I panicked then. With my left hand, I drew my
spring knife and slammed it, concealed in my fist, on Walker's arm.
Unfortunately, the trick I'd imagined where I would pop the blade
into my attacker's flesh didn't work as well as I'd hoped. The
blade hit something seemingly impenetrable and the spring sent my
arm flying back off his. As I swung back for another hit, he caught
my blade arm and forced the knife out of my hand. He flung me to
the ground and attempted to wrestle me into submission. As I
struggled, I heard a loud whirring sound, and a quadrotor drone
with a pair of automatic gauss rifles on its undercarriage
descended upon the open café. The few customers that had stayed
behind to gawk hurriedly ran or bounded away. A loud voice erupted
from the drone's speakers: "Unidentified parahuman! You will cease
assaulting this paying customer of the Marquez Guild and explain
yourself!"

Walker scowled at the drone, then hit a space
on his right breast before returning his arm to pinning me down.
The image of the suggestively dressed cross-fox disappeared,
revealing a bloodhound wearing an armored bodysuit. What looked
like spider silk with plates of thick composite or metal spaced was
strategically all over the suit. I spotted a nick over one of the
plates on his cuffed arm where my knife had tried to penetrate.

"I'm Walker, a bounty hunter for the Ceres
Directorate. Ze has committed a crime against the executives of the
Directorate, and I am here to bring zir to justice."

"He was launching missiles at us!" I objected
loudly. But before I could say anything further Walker covered my
mouth with my own arm.

The drone spoke again. "You will allow zir to
stand up and this drone will accompany you two to the nearest
Marquez guard station." A pair of red lights on the barrels of each
coilgun lit up, presumably the capacitors to the electromagnets.
"You have five seconds to comply."

Grudgingly, Walker did comply, yanking me up
as he stood so that I stumbled onto my feet. He dragged me along as
the drone led us, flying backwards to keep its guns on us, to the
station.
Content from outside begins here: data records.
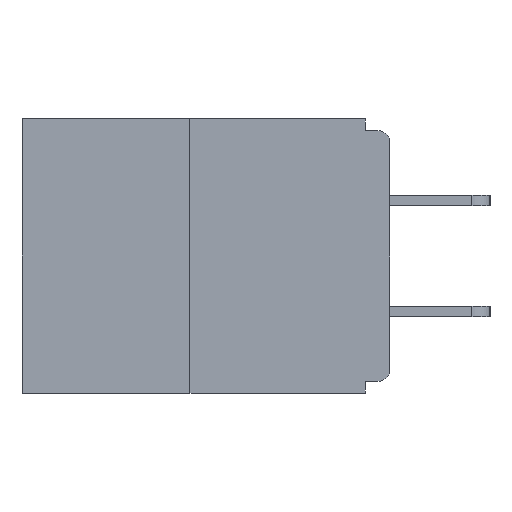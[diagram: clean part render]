
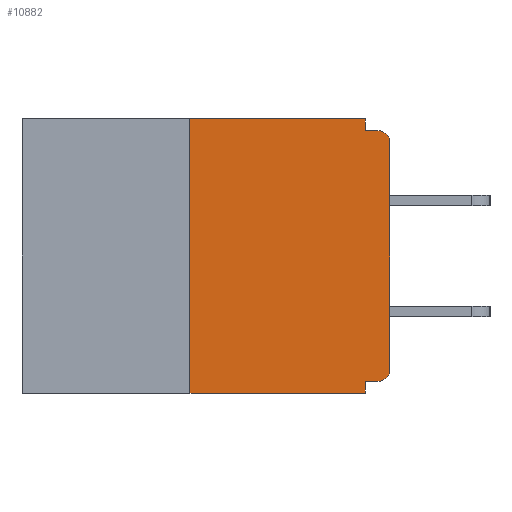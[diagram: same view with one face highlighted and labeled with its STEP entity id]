
A CAD part, left-side view. The second image highlights one B-rep face of the part: STEP entity #10882.
In plain terms, the highlighted planar face has unit normal (-1, 0, 0).
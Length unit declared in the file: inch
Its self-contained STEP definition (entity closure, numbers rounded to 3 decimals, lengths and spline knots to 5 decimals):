
#502 = DIRECTION ( 'NONE',  ( 0., 0., -1. ) ) ;
#565 = VERTEX_POINT ( 'NONE', #14677 ) ;
#627 = EDGE_CURVE ( 'NONE', #6764, #565, #11957, .T. ) ;
#1120 = LINE ( 'NONE', #6032, #9262 ) ;
#1506 = CARTESIAN_POINT ( 'NONE',  ( 0., 0.031, 0. ) ) ;
#1715 = CARTESIAN_POINT ( 'NONE',  ( 0., 0.031, -0.328 ) ) ;
#1770 = CIRCLE ( 'NONE', #14437, 0.015 ) ;
#1789 = EDGE_CURVE ( 'NONE', #13228, #3120, #7232, .T. ) ;
#1826 = EDGE_CURVE ( 'NONE', #4805, #12283, #9570, .T. ) ;
#2313 = ORIENTED_EDGE ( 'NONE', *, *, #627, .T. ) ;
#2411 = EDGE_CURVE ( 'NONE', #13228, #12283, #9067, .T. ) ;
#2722 = DIRECTION ( 'NONE',  ( 1., 0., 0. ) ) ;
#3120 = VERTEX_POINT ( 'NONE', #14556 ) ;
#3277 = DIRECTION ( 'NONE',  ( 0., -1., 0. ) ) ;
#3766 = VERTEX_POINT ( 'NONE', #6552 ) ;
#3876 = DIRECTION ( 'NONE',  ( 0., 0., -1. ) ) ;
#3943 = ORIENTED_EDGE ( 'NONE', *, *, #1826, .F. ) ;
#4198 = EDGE_CURVE ( 'NONE', #6764, #4805, #1120, .T. ) ;
#4239 = ORIENTED_EDGE ( 'NONE', *, *, #5900, .T. ) ;
#4273 = ORIENTED_EDGE ( 'NONE', *, *, #4198, .F. ) ;
#4275 = VERTEX_POINT ( 'NONE', #10240 ) ;
#4302 = DIRECTION ( 'NONE',  ( 0., 0., -1. ) ) ;
#4805 = VERTEX_POINT ( 'NONE', #1715 ) ;
#5191 = VERTEX_POINT ( 'NONE', #13108 ) ;
#5276 = EDGE_CURVE ( 'NONE', #3120, #9904, #10823, .T. ) ;
#5432 = DIRECTION ( 'NONE',  ( 0., 1., 0. ) ) ;
#5449 = EDGE_CURVE ( 'NONE', #5191, #3766, #7353, .T. ) ;
#5486 = PLANE ( 'NONE',  #11788 ) ;
#5832 = CARTESIAN_POINT ( 'NONE',  ( 0., 0.031, -0.343 ) ) ;
#5900 = EDGE_CURVE ( 'NONE', #4275, #3766, #1770, .T. ) ;
#6032 = CARTESIAN_POINT ( 'NONE',  ( 0., 0., -0.328 ) ) ;
#6417 = VECTOR ( 'NONE', #14354, 39.37008 ) ;
#6551 = DIRECTION ( 'NONE',  ( 0., -1., 0. ) ) ;
#6552 = CARTESIAN_POINT ( 'NONE',  ( 0., 0.015, -0.015 ) ) ;
#6764 = VERTEX_POINT ( 'NONE', #14706 ) ;
#6891 = CARTESIAN_POINT ( 'NONE',  ( 0., 0.25, -0.343 ) ) ;
#7023 = ORIENTED_EDGE ( 'NONE', *, *, #5276, .F. ) ;
#7232 = LINE ( 'NONE', #9402, #6417 ) ;
#7353 = LINE ( 'NONE', #7895, #8407 ) ;
#7509 = EDGE_LOOP ( 'NONE', ( #7023, #8177, #14743, #3943, #4273, #2313, #8459, #4239, #15074, #15311 ) ) ;
#7860 = CARTESIAN_POINT ( 'NONE',  ( 0., 0.015, -0.313 ) ) ;
#7895 = CARTESIAN_POINT ( 'NONE',  ( 0., 0., -0.015 ) ) ;
#8177 = ORIENTED_EDGE ( 'NONE', *, *, #1789, .F. ) ;
#8407 = VECTOR ( 'NONE', #12597, 39.37008 ) ;
#8459 = ORIENTED_EDGE ( 'NONE', *, *, #10541, .T. ) ;
#8517 = AXIS2_PLACEMENT_3D ( 'NONE', #7860, #12556, #3876 ) ;
#9067 = LINE ( 'NONE', #13693, #15153 ) ;
#9262 = VECTOR ( 'NONE', #5432, 39.37008 ) ;
#9402 = CARTESIAN_POINT ( 'NONE',  ( 0., 0.25, 0. ) ) ;
#9525 = VECTOR ( 'NONE', #4302, 39.37008 ) ;
#9570 = LINE ( 'NONE', #5832, #11326 ) ;
#9904 = VERTEX_POINT ( 'NONE', #1506 ) ;
#10123 = FACE_OUTER_BOUND ( 'NONE', #7509, .T. ) ;
#10240 = CARTESIAN_POINT ( 'NONE',  ( 0., 0., -0.03 ) ) ;
#10452 = CARTESIAN_POINT ( 'NONE',  ( 0., 0., 0. ) ) ;
#10541 = EDGE_CURVE ( 'NONE', #565, #4275, #12885, .T. ) ;
#10784 = DIRECTION ( 'NONE',  ( 0., 0., -1. ) ) ;
#10823 = LINE ( 'NONE', #14568, #14613 ) ;
#10882 = ADVANCED_FACE ( 'NONE', ( #10123 ), #5486, .F. ) ;
#11326 = VECTOR ( 'NONE', #10784, 39.37008 ) ;
#11414 = CARTESIAN_POINT ( 'NONE',  ( 0., 0.46, 0. ) ) ;
#11443 = CARTESIAN_POINT ( 'NONE',  ( 0., 0.015, -0.03 ) ) ;
#11703 = LINE ( 'NONE', #12753, #9525 ) ;
#11788 = AXIS2_PLACEMENT_3D ( 'NONE', #11414, #2722, #502 ) ;
#11957 = CIRCLE ( 'NONE', #8517, 0.015 ) ;
#12283 = VERTEX_POINT ( 'NONE', #13095 ) ;
#12556 = DIRECTION ( 'NONE',  ( -1., 0., 0. ) ) ;
#12597 = DIRECTION ( 'NONE',  ( 0., -1., 0. ) ) ;
#12667 = DIRECTION ( 'NONE',  ( -1., 0., 0. ) ) ;
#12753 = CARTESIAN_POINT ( 'NONE',  ( 0., 0.031, 0. ) ) ;
#12885 = LINE ( 'NONE', #10452, #13164 ) ;
#13095 = CARTESIAN_POINT ( 'NONE',  ( 0., 0.031, -0.343 ) ) ;
#13108 = CARTESIAN_POINT ( 'NONE',  ( 0., 0.031, -0.015 ) ) ;
#13164 = VECTOR ( 'NONE', #15403, 39.37008 ) ;
#13228 = VERTEX_POINT ( 'NONE', #6891 ) ;
#13693 = CARTESIAN_POINT ( 'NONE',  ( 0., 0.46, -0.343 ) ) ;
#13843 = EDGE_CURVE ( 'NONE', #9904, #5191, #11703, .T. ) ;
#13879 = DIRECTION ( 'NONE',  ( 0., 0., -1. ) ) ;
#14354 = DIRECTION ( 'NONE',  ( 0., 0., 1. ) ) ;
#14437 = AXIS2_PLACEMENT_3D ( 'NONE', #11443, #12667, #13879 ) ;
#14556 = CARTESIAN_POINT ( 'NONE',  ( 0., 0.25, 0. ) ) ;
#14568 = CARTESIAN_POINT ( 'NONE',  ( 0., 0.46, 0. ) ) ;
#14613 = VECTOR ( 'NONE', #3277, 39.37008 ) ;
#14677 = CARTESIAN_POINT ( 'NONE',  ( 0., 0., -0.313 ) ) ;
#14706 = CARTESIAN_POINT ( 'NONE',  ( 0., 0.015, -0.328 ) ) ;
#14743 = ORIENTED_EDGE ( 'NONE', *, *, #2411, .T. ) ;
#15074 = ORIENTED_EDGE ( 'NONE', *, *, #5449, .F. ) ;
#15153 = VECTOR ( 'NONE', #6551, 39.37008 ) ;
#15311 = ORIENTED_EDGE ( 'NONE', *, *, #13843, .F. ) ;
#15403 = DIRECTION ( 'NONE',  ( 0., 0., 1. ) ) ;

There we were passed on to a group of mostly feline
parahumans in riot gear with large gauss pistols slung on their
hips, next to a shock baton and a pair of smart cuffs similar to
the ones binding me to the bounty hunter.

We were taken before a massive jaguar whose
name tag read "Marquez, Derrick." Was this one of the Guildmaster's
clones that Olga Wolf had mentioned? He glowered at us before
demanding, "Now what is this all about?"

Walker was the first to speak. "Twenty-six
days ago, a freighter piloted by a parahuman known as Kurt went
dark near Ceres. Three days later, his ship was found floating
derelict; the cockpit was shattered and the body of the pilot was
in several hundred frozen pieces. There was just barely enough
intact genetic material in a severed hand still attached to the
steering column to identify the remains as belonging to Kurt." I
could feel myself cringing a bit at the description of the carnage.
"The Directorate decided to investigate all ships that had been in
the area of the incident at roughly the same time. The only ship
that was unavailable for inspection was the one that zir Argentum
here was serving aboard. When the Directorate received a request
for references from one of the mining organizations here concerning
Argentum and zir companions Denal, Aniya, and Cole, we surmised
that they were somehow responsible and a bounty was posted."